Richardson-Vicks Blocked in Bid to Thwart Takeover

Associated Press

A federal judge issued a temporary restraining order Thursday blocking a plan by Richardson-Vicks to issue a new class of preferred stock in its effort to avoid a takeover by Unilever NV.

“I have considered that, as a matter of law, the proposed stock dividend is an impermissible step,” U.S. District Judge Richard Owen told lawyers for the two sides.

The judge said issuance of the preferred shares, which would carry multiple voting rights that would be suspended if the shares are sold, requires stockholder approval or an amendment to the Richardson-Vicks corporate charter.

The company’s board of directors approved the stock issuance Tuesday without submitting the plan to the shareholders.

Vaughn Williams, a lawyer for Richardson-Vicks, said the company will try next Thursday to persuade Owen to change his mind at a hearing in which the judge will decide whether to extend the restraining order by issuing an injunction.


“We believe the judge’s decision incorrectly reflects Delaware law,” Williams said. “We believe it’s wrong.”

Because Richardson-Vicks is incorporated in Delaware, the New York federal court applied the law of that state in determining whether the company’s directors have the power to issue the preferred stock without shareholder consent.

Williams said the timing of next week’s hearing means that the stock plan could still go forward on its original schedule despite Thursday’s setback.

Headquartered in Wilton, Conn., Richardson-Vicks is best known for its Vicks line of cold and cough remedies. Unilever is a giant British-Dutch consumer-products concern and is seeking to acquire Richardson-Vicks through an American subsidiary.

Richardson-Vicks had said before the battle that members of the Richardson family, which opposes the takeover, controlled about 7.3 million of its 23.4 million shares.

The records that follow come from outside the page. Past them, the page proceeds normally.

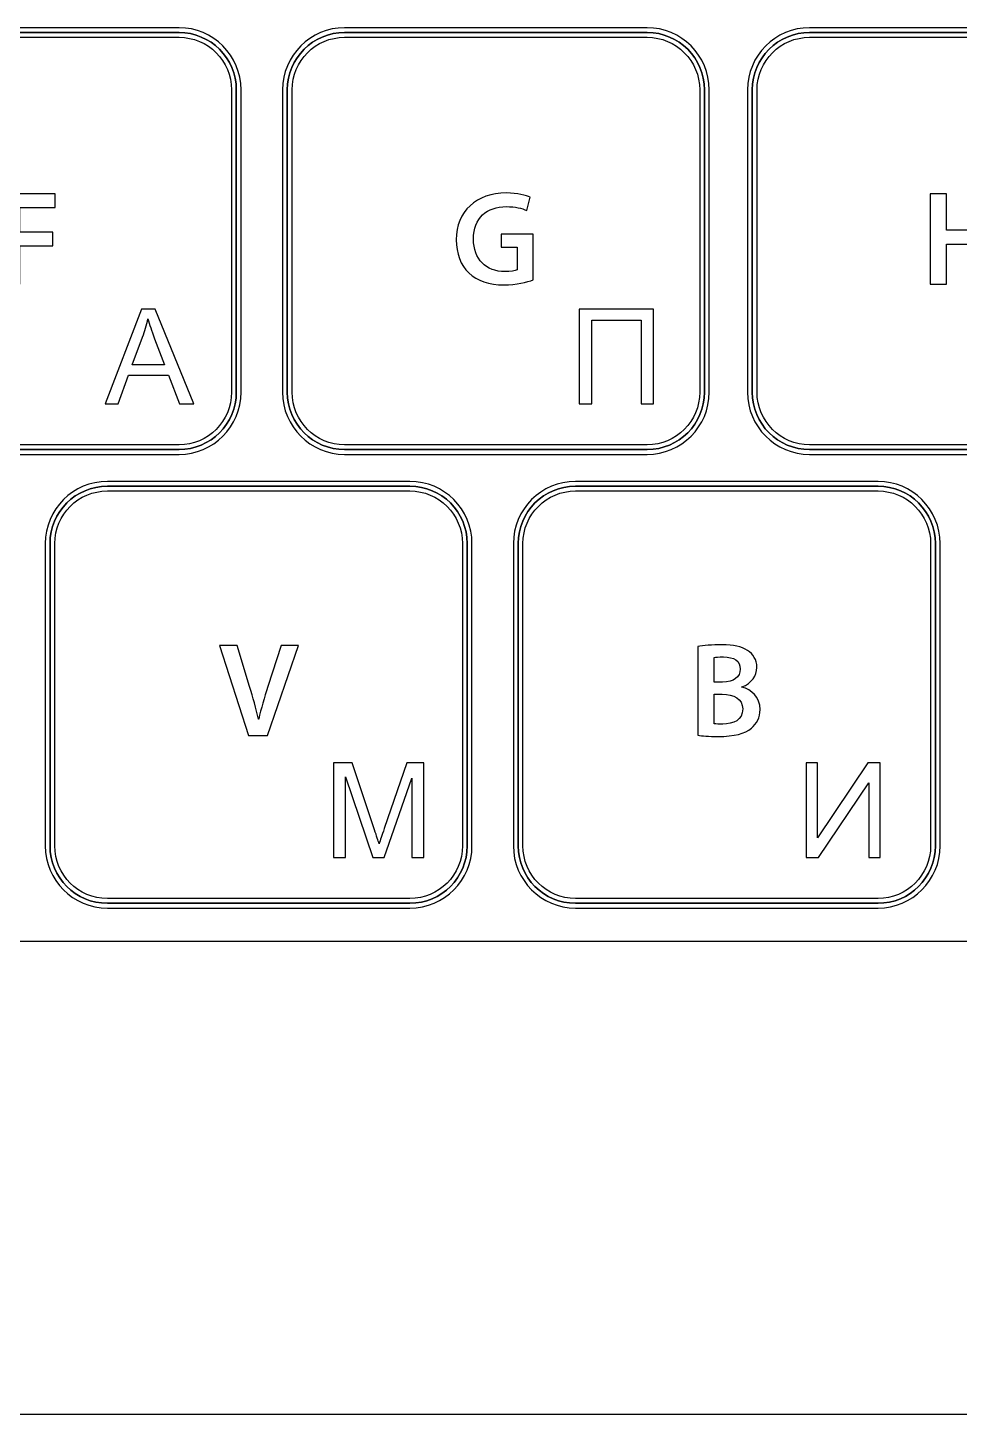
# Model space of a CAD drawing. Header units: millimetres. Extents: x -129 to 142, y -94 to 111.
# Drawn here: x -31.6 to 6, y 6.6 to 62.5 of the extents above; entities that cross this region are included whole.
import ezdxf

# ---------------------------------------------------------------- set-up
doc = ezdxf.new("R2010")
doc.units = ezdxf.units.MM
doc.header["$MEASUREMENT"] = 0
doc.layers.add('layer 1', color=7, linetype='Continuous')

msp = doc.modelspace()

# ---------------------------------------------------------------- linework, layer by layer
at = {"layer": 'layer 1', "color": 7, "lineweight": 25}
for points, knots in [([(-25.4899, 45.3236), (-25.4899, 45.3236), (-37.6914, 45.3236), (-37.6914, 45.3236), (-37.6914, 45.3236), (-39.0724, 45.3236), (-40.1955, 46.4474), (-40.1955, 47.8281), (-40.1955, 47.8281), (-40.1955, 47.8281), (-40.1955, 60.0295), (-40.1955, 60.0295), (-40.1955, 60.0295), (-40.1955, 61.4102), (-39.0724, 62.5336), (-37.6914, 62.5336), (-37.6914, 62.5336), (-37.6914, 62.5336), (-25.4899, 62.5336), (-25.4899, 62.5336), (-25.4899, 62.5336), (-24.1092, 62.5336), (-22.9859, 61.4102), (-22.9859, 60.0295), (-22.9859, 60.0295), (-22.9859, 60.0295), (-22.9859, 47.8281), (-22.9859, 47.8281), (-22.9859, 47.8281), (-22.9859, 46.4474), (-24.1092, 45.3236), (-25.4899, 45.3236)], [0, 0, 0, 0, 0.1111111, 0.1111111, 0.1111111, 0.1111111, 0.2222222, 0.2222222, 0.2222222, 0.2222222, 0.3333333, 0.3333333, 0.3333333, 0.3333333, 0.4444444, 0.4444444, 0.4444444, 0.4444444, 0.5555556, 0.5555556, 0.5555556, 0.5555556, 0.6666667, 0.6666667, 0.6666667, 0.6666667, 0.7777778, 0.7777778, 0.7777778, 0.7777778, 1, 1, 1, 1]), ([(-37.6914, 62.148), (-37.6914, 62.148), (-37.6914, 62.148), (-37.6914, 62.148), (-37.6914, 62.148), (-38.8595, 62.148), (-39.8105, 61.1979), (-39.8105, 60.0295), (-39.8105, 60.0295), (-39.8105, 60.0295), (-39.8105, 47.8281), (-39.8105, 47.8281), (-39.8105, 47.8281), (-39.8105, 46.6597), (-38.8595, 45.7086), (-37.6914, 45.7086), (-37.6914, 45.7086), (-37.6914, 45.7086), (-25.4899, 45.7086), (-25.4899, 45.7086), (-25.4899, 45.7086), (-24.3219, 45.7086), (-23.3711, 46.6597), (-23.3711, 47.8281), (-23.3711, 47.8281), (-23.3711, 47.8281), (-23.3711, 60.0295), (-23.3711, 60.0295), (-23.3711, 60.0295), (-23.3711, 61.1979), (-24.3219, 62.148), (-25.4899, 62.148), (-25.4899, 62.148), (-25.4899, 62.148), (-37.6914, 62.148), (-37.6914, 62.148)], [0, 0, 0, 0, 0.1, 0.1, 0.1, 0.1, 0.2, 0.2, 0.2, 0.2, 0.3, 0.3, 0.3, 0.3, 0.4, 0.4, 0.4, 0.4, 0.5, 0.5, 0.5, 0.5, 0.6, 0.6, 0.6, 0.6, 0.7, 0.7, 0.7, 0.7, 0.8, 0.8, 0.8, 0.8, 1, 1, 1, 1]), ([(-6.6099, 45.3236), (-6.6099, 45.3236), (-18.8119, 45.3236), (-18.8119, 45.3236), (-18.8119, 45.3236), (-20.1926, 45.3236), (-21.3161, 46.4474), (-21.3161, 47.8281), (-21.3161, 47.8281), (-21.3161, 47.8281), (-21.3161, 60.0295), (-21.3161, 60.0295), (-21.3161, 60.0295), (-21.3161, 61.4102), (-20.1926, 62.5336), (-18.8119, 62.5336), (-18.8119, 62.5336), (-18.8119, 62.5336), (-6.6099, 62.5336), (-6.6099, 62.5336), (-6.6099, 62.5336), (-5.2285, 62.5336), (-4.1061, 61.4102), (-4.1061, 60.0295), (-4.1061, 60.0295), (-4.1061, 60.0295), (-4.1061, 47.8281), (-4.1061, 47.8281), (-4.1061, 47.8281), (-4.1061, 46.4474), (-5.2285, 45.3236), (-6.6099, 45.3236)], [0, 0, 0, 0, 0.1111111, 0.1111111, 0.1111111, 0.1111111, 0.2222222, 0.2222222, 0.2222222, 0.2222222, 0.3333333, 0.3333333, 0.3333333, 0.3333333, 0.4444444, 0.4444444, 0.4444444, 0.4444444, 0.5555556, 0.5555556, 0.5555556, 0.5555556, 0.6666667, 0.6666667, 0.6666667, 0.6666667, 0.7777778, 0.7777778, 0.7777778, 0.7777778, 1, 1, 1, 1]), ([(-18.8119, 62.148), (-18.8119, 62.148), (-18.8119, 62.148), (-18.8119, 62.148), (-18.8119, 62.148), (-19.9797, 62.148), (-20.9301, 61.1979), (-20.9301, 60.0295), (-20.9301, 60.0295), (-20.9301, 60.0295), (-20.9301, 47.8281), (-20.9301, 47.8281), (-20.9301, 47.8281), (-20.9301, 46.6597), (-19.9797, 45.7086), (-18.8119, 45.7086), (-18.8119, 45.7086), (-18.8119, 45.7086), (-6.6099, 45.7086), (-6.6099, 45.7086), (-6.6099, 45.7086), (-5.4408, 45.7086), (-4.4904, 46.6597), (-4.4904, 47.8281), (-4.4904, 47.8281), (-4.4904, 47.8281), (-4.4904, 60.0295), (-4.4904, 60.0295), (-4.4904, 60.0295), (-4.4904, 61.1979), (-5.4408, 62.148), (-6.6099, 62.148), (-6.6099, 62.148), (-6.6099, 62.148), (-18.8119, 62.148), (-18.8119, 62.148)], [0, 0, 0, 0, 0.1, 0.1, 0.1, 0.1, 0.2, 0.2, 0.2, 0.2, 0.3, 0.3, 0.3, 0.3, 0.4, 0.4, 0.4, 0.4, 0.5, 0.5, 0.5, 0.5, 0.6, 0.6, 0.6, 0.6, 0.7, 0.7, 0.7, 0.7, 0.8, 0.8, 0.8, 0.8, 1, 1, 1, 1]), ([(12.1412, 45.3236), (12.1412, 45.3236), (-0.0597, 45.3236), (-0.0597, 45.3236), (-0.0597, 45.3236), (-1.4411, 45.3236), (-2.5646, 46.4474), (-2.5646, 47.8281), (-2.5646, 47.8281), (-2.5646, 47.8281), (-2.5646, 60.0295), (-2.5646, 60.0295), (-2.5646, 60.0295), (-2.5646, 61.4102), (-1.4411, 62.5336), (-0.0597, 62.5336), (-0.0597, 62.5336), (-0.0597, 62.5336), (12.1412, 62.5336), (12.1412, 62.5336), (12.1412, 62.5336), (13.5219, 62.5336), (14.6462, 61.4102), (14.6462, 60.0295), (14.6462, 60.0295), (14.6462, 60.0295), (14.6462, 47.8281), (14.6462, 47.8281), (14.6462, 47.8281), (14.6462, 46.4474), (13.5219, 45.3236), (12.1412, 45.3236)], [0, 0, 0, 0, 0.1111111, 0.1111111, 0.1111111, 0.1111111, 0.2222222, 0.2222222, 0.2222222, 0.2222222, 0.3333333, 0.3333333, 0.3333333, 0.3333333, 0.4444444, 0.4444444, 0.4444444, 0.4444444, 0.5555556, 0.5555556, 0.5555556, 0.5555556, 0.6666667, 0.6666667, 0.6666667, 0.6666667, 0.7777778, 0.7777778, 0.7777778, 0.7777778, 1, 1, 1, 1]), ([(-0.0597, 62.148), (-0.0597, 62.148), (-0.0597, 62.148), (-0.0597, 62.148), (-0.0597, 62.148), (-1.2282, 62.148), (-2.1786, 61.1979), (-2.1786, 60.0295), (-2.1786, 60.0295), (-2.1786, 60.0295), (-2.1786, 47.8281), (-2.1786, 47.8281), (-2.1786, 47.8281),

The court battle began Monday when Unilever asked Owen to block the Richardson family and the company from buying the company’s shares. Unilever charged that the company had issued misleading public statements describing the purchases as an investment rather than a move to avoid a takeover.

On Wednesday, a 23-member group of Richardson family stockholders told the Securities and Exchange Commission that they had bought an additional 170,000 shares.

Also on Wednesday, the company disclosed to the SEC that it had purchased 2.6 million shares of its stock for $121 million. The company had earlier said it was prepared to buy back as many as 5 million shares to defend itself.

Repurchases Completed

On Tuesday, Williams told Owens that the repurchases had been completed and that no further repurchases were planned. But while that hearing was going on, the company was elsewhere announcing its plan to issue the preferred shares.

Each owner of five Richardson-Vicks common shares would receive one new preferred share under the plan Owen rejected.

Each preferred share, in turn, would be convertible into five new common shares, but each of those new common shares would be entitled to five votes. Thus, the holder of one share of new preferred would be entitled to 25 votes for that share, plus five for his original five shares of common.

Those special voting rights would be suspended for three years, however, if the preferred shares are sold to anyone besides the stockholder of record on Sept. 27, to whom they will be issued.

The buyer will have only five votes, rather than 25. Since federal securities regulations prevent Unilever from buying any shares under its tender offer until after Sept. 27, Unilever charged that the plan was clearly aimed at making its takeover difficult if not impossible to pursue by giving the non-selling Richardsons greater voting powers.

Unilever initially offered $54 a share for all Richardson-Vicks common on condition that at least 51% of the shares are tendered.

But earlier this week, Unilever launched a tender offer for Richardson-Vicks stock, saying it would pay $56 a share, if the board consents to a friendly takeover, but only $48 a share if the board resists the merger.